● **Exercise**: After finding the line with "#230=DIRECTION('',(0.,0.,-1.));" in the entries below, retype exactly each line from there through the line with "#267=ORIENTED_EDGE('',*,*,#266,.T.);", including that final line.
-=-=-=-=-
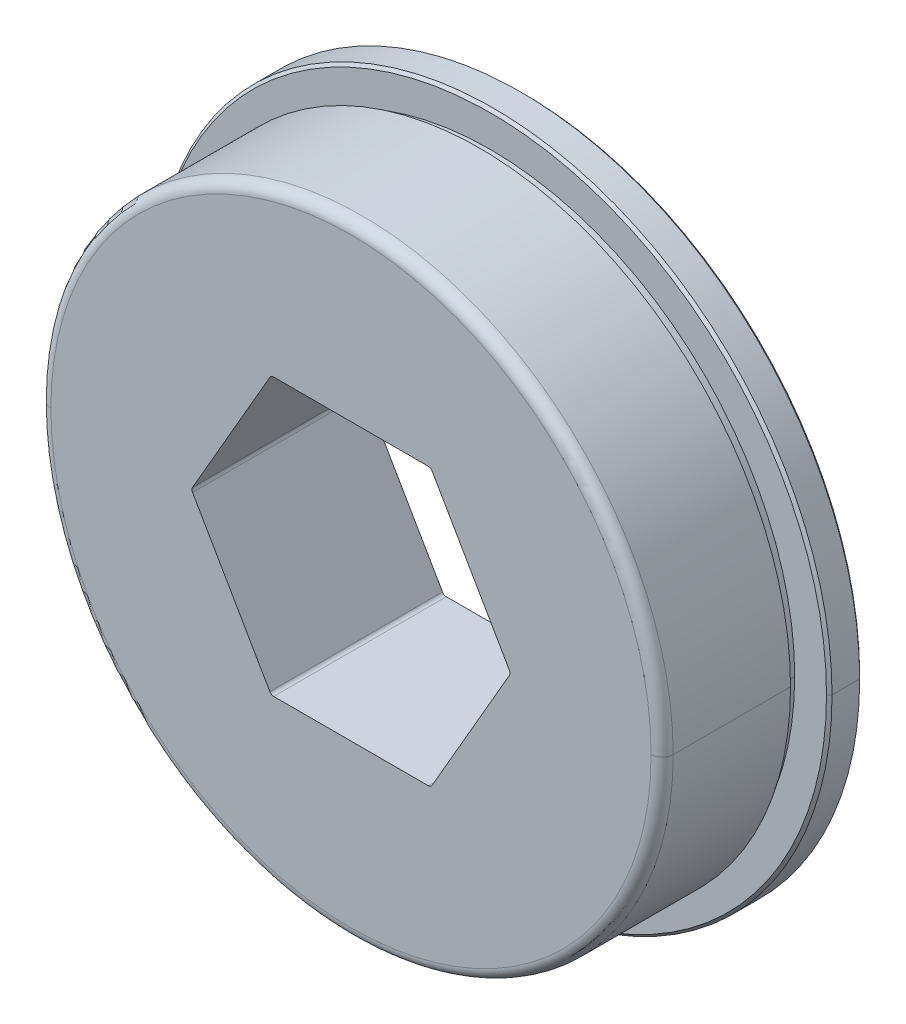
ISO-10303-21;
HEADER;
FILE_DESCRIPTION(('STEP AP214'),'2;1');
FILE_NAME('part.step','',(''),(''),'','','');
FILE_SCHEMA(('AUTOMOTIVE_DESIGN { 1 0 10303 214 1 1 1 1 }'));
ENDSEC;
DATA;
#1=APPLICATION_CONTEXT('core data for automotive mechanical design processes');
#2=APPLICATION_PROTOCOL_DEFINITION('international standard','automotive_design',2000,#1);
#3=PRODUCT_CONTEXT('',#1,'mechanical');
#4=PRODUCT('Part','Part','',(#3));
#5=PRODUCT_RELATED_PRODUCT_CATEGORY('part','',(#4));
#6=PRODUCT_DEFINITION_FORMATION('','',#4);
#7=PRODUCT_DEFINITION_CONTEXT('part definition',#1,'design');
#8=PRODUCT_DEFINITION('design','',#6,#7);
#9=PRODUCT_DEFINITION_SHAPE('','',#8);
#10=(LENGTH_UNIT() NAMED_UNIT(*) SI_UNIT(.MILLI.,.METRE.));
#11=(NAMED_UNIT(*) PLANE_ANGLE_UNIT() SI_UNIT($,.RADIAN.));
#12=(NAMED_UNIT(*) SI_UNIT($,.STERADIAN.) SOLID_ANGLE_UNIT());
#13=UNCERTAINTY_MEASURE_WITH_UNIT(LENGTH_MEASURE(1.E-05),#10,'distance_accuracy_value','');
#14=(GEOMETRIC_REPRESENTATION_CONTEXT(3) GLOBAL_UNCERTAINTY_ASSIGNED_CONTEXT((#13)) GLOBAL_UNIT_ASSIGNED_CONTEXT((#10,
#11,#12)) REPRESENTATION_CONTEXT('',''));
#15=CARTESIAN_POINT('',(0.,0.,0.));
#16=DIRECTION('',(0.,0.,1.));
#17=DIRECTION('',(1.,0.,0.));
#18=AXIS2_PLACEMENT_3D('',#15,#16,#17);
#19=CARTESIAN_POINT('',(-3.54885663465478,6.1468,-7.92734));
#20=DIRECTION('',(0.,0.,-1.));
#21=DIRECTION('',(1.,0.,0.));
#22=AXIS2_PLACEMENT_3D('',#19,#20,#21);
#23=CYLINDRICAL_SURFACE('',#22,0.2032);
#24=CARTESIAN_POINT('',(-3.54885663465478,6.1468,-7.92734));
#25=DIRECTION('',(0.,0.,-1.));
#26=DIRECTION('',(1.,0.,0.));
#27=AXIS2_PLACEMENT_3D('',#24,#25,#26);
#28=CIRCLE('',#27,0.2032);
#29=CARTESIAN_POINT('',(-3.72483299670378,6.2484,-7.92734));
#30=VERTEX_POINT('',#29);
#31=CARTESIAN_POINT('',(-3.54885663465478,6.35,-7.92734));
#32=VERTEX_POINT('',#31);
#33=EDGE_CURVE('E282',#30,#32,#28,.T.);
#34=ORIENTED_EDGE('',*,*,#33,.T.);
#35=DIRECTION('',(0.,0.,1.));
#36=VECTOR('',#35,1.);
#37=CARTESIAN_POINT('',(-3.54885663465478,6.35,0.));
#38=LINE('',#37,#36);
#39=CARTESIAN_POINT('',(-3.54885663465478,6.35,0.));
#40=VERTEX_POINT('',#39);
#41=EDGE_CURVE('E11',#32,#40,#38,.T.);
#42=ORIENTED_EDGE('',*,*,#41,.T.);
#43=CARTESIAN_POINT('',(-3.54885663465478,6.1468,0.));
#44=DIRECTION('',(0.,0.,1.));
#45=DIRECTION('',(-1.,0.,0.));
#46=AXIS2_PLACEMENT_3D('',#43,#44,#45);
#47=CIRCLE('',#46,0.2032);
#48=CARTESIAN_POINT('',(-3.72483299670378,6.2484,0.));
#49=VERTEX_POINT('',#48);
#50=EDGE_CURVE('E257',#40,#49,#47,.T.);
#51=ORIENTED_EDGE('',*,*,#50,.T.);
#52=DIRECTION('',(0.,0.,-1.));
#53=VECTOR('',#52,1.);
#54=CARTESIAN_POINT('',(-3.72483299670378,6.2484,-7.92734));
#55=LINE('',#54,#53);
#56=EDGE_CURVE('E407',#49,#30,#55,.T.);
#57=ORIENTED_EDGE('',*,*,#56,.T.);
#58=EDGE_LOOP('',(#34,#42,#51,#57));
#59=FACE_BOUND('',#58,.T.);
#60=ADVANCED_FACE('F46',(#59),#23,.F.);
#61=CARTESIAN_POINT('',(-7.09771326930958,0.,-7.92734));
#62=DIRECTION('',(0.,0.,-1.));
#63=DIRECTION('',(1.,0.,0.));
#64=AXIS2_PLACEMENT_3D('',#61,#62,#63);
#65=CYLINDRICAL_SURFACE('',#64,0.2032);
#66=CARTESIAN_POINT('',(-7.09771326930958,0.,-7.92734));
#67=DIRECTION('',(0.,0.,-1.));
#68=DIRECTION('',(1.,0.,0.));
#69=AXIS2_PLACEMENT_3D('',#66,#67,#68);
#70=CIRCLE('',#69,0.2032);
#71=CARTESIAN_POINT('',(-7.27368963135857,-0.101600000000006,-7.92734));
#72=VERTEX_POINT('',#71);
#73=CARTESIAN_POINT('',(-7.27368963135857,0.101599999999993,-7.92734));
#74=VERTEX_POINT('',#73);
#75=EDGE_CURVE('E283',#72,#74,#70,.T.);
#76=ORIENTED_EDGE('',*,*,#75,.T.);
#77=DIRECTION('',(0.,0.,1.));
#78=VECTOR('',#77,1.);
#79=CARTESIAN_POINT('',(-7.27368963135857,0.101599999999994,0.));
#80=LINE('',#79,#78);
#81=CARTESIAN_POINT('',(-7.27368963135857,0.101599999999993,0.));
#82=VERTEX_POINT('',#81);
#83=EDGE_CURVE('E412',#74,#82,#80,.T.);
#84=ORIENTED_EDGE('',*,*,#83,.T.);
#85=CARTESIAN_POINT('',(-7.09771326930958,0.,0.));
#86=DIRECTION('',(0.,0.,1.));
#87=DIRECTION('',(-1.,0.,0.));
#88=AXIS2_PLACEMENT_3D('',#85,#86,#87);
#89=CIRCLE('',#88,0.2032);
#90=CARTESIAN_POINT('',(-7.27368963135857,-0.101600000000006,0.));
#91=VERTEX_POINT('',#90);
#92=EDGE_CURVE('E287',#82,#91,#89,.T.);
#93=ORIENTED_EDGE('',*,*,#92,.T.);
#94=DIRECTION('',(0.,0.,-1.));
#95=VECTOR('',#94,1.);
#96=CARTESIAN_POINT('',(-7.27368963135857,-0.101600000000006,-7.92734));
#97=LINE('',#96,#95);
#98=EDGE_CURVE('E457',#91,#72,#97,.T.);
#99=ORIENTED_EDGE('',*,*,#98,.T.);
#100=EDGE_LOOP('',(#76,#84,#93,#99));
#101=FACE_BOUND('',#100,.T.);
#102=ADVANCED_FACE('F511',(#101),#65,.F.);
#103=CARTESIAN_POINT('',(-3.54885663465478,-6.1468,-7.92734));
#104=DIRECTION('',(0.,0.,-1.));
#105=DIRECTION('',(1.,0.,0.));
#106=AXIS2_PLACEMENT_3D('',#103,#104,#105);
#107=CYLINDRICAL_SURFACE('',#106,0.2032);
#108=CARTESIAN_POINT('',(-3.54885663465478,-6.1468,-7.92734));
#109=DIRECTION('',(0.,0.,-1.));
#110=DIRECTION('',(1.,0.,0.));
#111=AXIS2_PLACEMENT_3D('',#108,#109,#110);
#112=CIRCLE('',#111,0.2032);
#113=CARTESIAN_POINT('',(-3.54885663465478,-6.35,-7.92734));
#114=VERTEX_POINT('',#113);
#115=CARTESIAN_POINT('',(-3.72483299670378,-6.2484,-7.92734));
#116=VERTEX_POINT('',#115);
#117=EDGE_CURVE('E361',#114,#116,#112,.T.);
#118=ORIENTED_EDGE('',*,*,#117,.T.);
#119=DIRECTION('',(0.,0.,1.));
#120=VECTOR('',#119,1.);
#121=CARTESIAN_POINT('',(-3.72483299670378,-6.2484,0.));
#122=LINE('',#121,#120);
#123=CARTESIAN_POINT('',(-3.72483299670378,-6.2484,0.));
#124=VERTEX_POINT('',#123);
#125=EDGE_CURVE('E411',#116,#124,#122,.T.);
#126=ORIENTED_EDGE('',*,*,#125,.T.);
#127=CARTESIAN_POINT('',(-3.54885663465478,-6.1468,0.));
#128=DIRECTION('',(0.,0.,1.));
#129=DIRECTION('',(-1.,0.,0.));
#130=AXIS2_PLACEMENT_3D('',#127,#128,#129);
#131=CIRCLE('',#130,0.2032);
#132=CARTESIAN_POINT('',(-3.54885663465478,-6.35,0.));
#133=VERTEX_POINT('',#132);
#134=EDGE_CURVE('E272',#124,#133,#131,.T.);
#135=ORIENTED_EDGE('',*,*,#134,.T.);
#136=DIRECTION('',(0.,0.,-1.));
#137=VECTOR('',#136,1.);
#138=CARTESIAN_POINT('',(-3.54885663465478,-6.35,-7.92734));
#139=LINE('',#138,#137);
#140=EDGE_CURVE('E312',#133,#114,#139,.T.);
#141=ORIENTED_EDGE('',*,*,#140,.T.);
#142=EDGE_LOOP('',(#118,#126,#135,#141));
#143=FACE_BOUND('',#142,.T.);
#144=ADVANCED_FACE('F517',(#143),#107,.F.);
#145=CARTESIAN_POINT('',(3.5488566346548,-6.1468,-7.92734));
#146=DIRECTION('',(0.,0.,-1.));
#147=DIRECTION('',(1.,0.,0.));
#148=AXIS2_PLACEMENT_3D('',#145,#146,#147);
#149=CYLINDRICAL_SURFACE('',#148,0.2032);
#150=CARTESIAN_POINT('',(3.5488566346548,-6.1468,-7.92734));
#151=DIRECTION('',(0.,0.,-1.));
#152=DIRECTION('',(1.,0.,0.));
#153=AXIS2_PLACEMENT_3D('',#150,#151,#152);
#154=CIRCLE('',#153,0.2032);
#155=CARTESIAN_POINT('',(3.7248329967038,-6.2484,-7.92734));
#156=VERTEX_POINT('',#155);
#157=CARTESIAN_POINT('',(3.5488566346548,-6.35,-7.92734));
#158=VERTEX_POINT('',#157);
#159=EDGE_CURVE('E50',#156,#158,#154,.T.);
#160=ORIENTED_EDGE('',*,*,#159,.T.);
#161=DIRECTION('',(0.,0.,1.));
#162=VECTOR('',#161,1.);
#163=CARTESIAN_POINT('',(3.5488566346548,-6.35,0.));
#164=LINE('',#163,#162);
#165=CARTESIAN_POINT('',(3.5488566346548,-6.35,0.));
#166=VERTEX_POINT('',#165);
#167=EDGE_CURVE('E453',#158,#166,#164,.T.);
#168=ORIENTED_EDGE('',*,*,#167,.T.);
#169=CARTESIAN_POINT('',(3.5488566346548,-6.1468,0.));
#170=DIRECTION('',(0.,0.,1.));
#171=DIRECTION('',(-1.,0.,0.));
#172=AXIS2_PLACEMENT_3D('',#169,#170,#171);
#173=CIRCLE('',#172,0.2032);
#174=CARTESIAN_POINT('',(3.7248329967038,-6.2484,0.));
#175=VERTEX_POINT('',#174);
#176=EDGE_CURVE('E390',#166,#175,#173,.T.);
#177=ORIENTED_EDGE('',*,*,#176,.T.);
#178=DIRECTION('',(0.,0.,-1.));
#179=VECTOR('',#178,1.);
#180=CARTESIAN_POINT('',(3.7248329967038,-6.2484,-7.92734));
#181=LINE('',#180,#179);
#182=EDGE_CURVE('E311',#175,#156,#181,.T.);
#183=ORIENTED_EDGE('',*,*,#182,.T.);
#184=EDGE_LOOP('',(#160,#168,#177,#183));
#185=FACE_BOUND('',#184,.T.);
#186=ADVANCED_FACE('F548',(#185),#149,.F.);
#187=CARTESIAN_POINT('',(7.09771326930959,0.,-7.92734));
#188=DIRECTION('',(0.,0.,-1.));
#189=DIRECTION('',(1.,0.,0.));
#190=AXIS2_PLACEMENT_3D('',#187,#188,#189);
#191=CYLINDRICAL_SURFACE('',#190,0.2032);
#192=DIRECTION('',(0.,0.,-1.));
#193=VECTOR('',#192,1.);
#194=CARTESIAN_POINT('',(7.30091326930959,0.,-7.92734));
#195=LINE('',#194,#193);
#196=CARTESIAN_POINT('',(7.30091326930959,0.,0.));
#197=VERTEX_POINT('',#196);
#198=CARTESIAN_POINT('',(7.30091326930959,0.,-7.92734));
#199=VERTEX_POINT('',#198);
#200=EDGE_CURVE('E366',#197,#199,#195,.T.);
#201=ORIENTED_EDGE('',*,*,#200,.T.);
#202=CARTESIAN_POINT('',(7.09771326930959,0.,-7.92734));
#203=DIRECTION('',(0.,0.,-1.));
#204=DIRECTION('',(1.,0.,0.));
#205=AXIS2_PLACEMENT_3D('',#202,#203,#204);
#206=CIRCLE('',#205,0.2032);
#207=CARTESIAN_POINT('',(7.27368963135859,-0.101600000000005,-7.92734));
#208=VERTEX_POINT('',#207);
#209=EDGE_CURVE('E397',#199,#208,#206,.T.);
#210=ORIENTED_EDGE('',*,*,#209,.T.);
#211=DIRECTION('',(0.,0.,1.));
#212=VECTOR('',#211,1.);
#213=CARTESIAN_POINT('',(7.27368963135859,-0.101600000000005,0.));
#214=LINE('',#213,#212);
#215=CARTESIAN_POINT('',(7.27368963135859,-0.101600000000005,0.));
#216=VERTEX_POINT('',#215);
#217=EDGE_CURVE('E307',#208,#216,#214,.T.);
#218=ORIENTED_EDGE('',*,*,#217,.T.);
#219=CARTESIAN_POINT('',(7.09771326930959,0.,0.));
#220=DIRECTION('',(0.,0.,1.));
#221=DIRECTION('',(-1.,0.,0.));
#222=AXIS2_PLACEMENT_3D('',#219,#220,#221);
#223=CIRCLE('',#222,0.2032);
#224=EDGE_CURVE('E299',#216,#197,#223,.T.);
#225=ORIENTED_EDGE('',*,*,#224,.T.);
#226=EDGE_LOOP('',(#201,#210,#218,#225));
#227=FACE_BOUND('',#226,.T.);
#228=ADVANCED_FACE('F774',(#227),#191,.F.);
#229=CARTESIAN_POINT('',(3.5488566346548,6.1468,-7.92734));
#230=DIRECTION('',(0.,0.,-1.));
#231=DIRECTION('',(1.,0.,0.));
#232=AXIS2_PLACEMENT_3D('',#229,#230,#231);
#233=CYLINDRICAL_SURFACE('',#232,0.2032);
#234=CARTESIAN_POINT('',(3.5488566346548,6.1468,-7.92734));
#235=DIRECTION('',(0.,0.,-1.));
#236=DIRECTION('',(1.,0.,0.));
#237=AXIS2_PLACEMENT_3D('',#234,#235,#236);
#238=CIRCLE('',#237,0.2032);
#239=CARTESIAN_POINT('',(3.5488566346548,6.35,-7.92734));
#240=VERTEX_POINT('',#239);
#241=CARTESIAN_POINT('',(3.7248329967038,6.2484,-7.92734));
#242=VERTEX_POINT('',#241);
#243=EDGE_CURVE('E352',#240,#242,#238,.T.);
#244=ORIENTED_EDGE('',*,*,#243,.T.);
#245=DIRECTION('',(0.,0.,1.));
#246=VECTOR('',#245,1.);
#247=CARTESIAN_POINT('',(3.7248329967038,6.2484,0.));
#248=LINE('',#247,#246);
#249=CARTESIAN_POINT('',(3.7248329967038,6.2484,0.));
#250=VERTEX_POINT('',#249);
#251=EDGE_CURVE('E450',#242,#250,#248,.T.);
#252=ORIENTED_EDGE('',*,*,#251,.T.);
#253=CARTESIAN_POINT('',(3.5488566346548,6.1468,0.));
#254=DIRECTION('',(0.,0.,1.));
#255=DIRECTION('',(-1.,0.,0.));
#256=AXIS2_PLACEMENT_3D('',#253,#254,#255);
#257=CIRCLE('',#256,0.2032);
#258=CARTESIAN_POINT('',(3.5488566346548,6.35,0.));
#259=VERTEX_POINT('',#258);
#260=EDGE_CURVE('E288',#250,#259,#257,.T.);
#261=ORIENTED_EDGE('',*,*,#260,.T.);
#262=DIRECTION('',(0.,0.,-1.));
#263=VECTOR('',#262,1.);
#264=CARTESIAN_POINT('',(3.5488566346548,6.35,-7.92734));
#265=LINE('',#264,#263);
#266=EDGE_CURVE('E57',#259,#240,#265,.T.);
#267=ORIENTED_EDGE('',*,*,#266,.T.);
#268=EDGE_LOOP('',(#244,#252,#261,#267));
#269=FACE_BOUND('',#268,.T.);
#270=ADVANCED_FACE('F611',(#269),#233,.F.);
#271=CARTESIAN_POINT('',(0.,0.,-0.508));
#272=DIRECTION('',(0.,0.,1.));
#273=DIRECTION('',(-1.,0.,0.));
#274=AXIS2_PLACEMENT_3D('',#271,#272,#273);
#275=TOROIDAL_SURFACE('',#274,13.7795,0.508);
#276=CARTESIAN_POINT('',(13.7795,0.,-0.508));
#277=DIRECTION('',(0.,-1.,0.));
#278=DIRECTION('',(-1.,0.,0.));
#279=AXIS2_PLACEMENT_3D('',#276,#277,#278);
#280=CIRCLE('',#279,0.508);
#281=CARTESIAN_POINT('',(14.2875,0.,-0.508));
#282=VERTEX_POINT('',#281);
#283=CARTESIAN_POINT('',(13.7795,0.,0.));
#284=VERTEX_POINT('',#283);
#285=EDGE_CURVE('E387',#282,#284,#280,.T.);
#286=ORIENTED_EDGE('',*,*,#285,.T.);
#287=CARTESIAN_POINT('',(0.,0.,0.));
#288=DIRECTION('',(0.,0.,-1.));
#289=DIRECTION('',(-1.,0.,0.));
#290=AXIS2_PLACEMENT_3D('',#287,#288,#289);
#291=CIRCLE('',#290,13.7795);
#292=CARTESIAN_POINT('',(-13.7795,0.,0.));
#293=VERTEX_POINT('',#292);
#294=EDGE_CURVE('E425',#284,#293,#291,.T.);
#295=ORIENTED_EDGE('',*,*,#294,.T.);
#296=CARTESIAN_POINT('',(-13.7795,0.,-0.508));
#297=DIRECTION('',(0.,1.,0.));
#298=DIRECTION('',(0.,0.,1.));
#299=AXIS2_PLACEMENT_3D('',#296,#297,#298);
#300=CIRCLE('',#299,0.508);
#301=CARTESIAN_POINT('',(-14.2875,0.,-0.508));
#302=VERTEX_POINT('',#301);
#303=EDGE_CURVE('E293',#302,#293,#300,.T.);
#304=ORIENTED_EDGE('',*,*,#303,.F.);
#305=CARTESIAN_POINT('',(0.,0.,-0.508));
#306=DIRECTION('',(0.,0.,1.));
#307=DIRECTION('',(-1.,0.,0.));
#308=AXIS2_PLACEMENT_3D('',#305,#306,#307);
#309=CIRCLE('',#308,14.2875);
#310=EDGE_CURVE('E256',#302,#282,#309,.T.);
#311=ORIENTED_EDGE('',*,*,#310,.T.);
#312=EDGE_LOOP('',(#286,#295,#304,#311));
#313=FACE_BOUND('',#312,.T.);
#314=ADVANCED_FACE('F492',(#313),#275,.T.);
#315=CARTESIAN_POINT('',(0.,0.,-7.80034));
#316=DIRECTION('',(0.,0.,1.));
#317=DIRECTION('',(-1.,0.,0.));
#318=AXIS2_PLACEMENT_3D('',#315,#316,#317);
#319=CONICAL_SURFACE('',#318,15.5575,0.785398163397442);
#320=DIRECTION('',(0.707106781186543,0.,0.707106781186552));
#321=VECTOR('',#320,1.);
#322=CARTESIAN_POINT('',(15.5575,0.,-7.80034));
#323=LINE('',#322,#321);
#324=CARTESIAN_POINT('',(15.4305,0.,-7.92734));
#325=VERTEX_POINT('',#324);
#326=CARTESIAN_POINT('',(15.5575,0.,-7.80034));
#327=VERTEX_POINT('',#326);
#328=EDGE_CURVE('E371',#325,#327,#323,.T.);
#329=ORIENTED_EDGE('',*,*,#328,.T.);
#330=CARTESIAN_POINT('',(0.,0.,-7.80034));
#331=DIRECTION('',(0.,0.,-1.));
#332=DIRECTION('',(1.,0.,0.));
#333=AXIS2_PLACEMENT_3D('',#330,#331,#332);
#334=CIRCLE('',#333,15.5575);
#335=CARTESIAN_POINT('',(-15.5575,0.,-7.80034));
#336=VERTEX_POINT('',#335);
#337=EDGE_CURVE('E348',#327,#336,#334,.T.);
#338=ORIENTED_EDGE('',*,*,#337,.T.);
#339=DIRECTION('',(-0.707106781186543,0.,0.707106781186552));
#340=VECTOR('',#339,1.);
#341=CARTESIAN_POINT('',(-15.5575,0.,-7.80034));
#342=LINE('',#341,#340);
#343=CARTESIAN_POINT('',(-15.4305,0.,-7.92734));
-=-=-=-=-
● **Result**:
#230=DIRECTION('',(0.,0.,-1.));
#231=DIRECTION('',(1.,0.,0.));
#232=AXIS2_PLACEMENT_3D('',#229,#230,#231);
#233=CYLINDRICAL_SURFACE('',#232,0.2032);
#234=CARTESIAN_POINT('',(3.5488566346548,6.1468,-7.92734));
#235=DIRECTION('',(0.,0.,-1.));
#236=DIRECTION('',(1.,0.,0.));
#237=AXIS2_PLACEMENT_3D('',#234,#235,#236);
#238=CIRCLE('',#237,0.2032);
#239=CARTESIAN_POINT('',(3.5488566346548,6.35,-7.92734));
#240=VERTEX_POINT('',#239);
#241=CARTESIAN_POINT('',(3.7248329967038,6.2484,-7.92734));
#242=VERTEX_POINT('',#241);
#243=EDGE_CURVE('E352',#240,#242,#238,.T.);
#244=ORIENTED_EDGE('',*,*,#243,.T.);
#245=DIRECTION('',(0.,0.,1.));
#246=VECTOR('',#245,1.);
#247=CARTESIAN_POINT('',(3.7248329967038,6.2484,0.));
#248=LINE('',#247,#246);
#249=CARTESIAN_POINT('',(3.7248329967038,6.2484,0.));
#250=VERTEX_POINT('',#249);
#251=EDGE_CURVE('E450',#242,#250,#248,.T.);
#252=ORIENTED_EDGE('',*,*,#251,.T.);
#253=CARTESIAN_POINT('',(3.5488566346548,6.1468,0.));
#254=DIRECTION('',(0.,0.,1.));
#255=DIRECTION('',(-1.,0.,0.));
#256=AXIS2_PLACEMENT_3D('',#253,#254,#255);
#257=CIRCLE('',#256,0.2032);
#258=CARTESIAN_POINT('',(3.5488566346548,6.35,0.));
#259=VERTEX_POINT('',#258);
#260=EDGE_CURVE('E288',#250,#259,#257,.T.);
#261=ORIENTED_EDGE('',*,*,#260,.T.);
#262=DIRECTION('',(0.,0.,-1.));
#263=VECTOR('',#262,1.);
#264=CARTESIAN_POINT('',(3.5488566346548,6.35,-7.92734));
#265=LINE('',#264,#263);
#266=EDGE_CURVE('E57',#259,#240,#265,.T.);
#267=ORIENTED_EDGE('',*,*,#266,.T.);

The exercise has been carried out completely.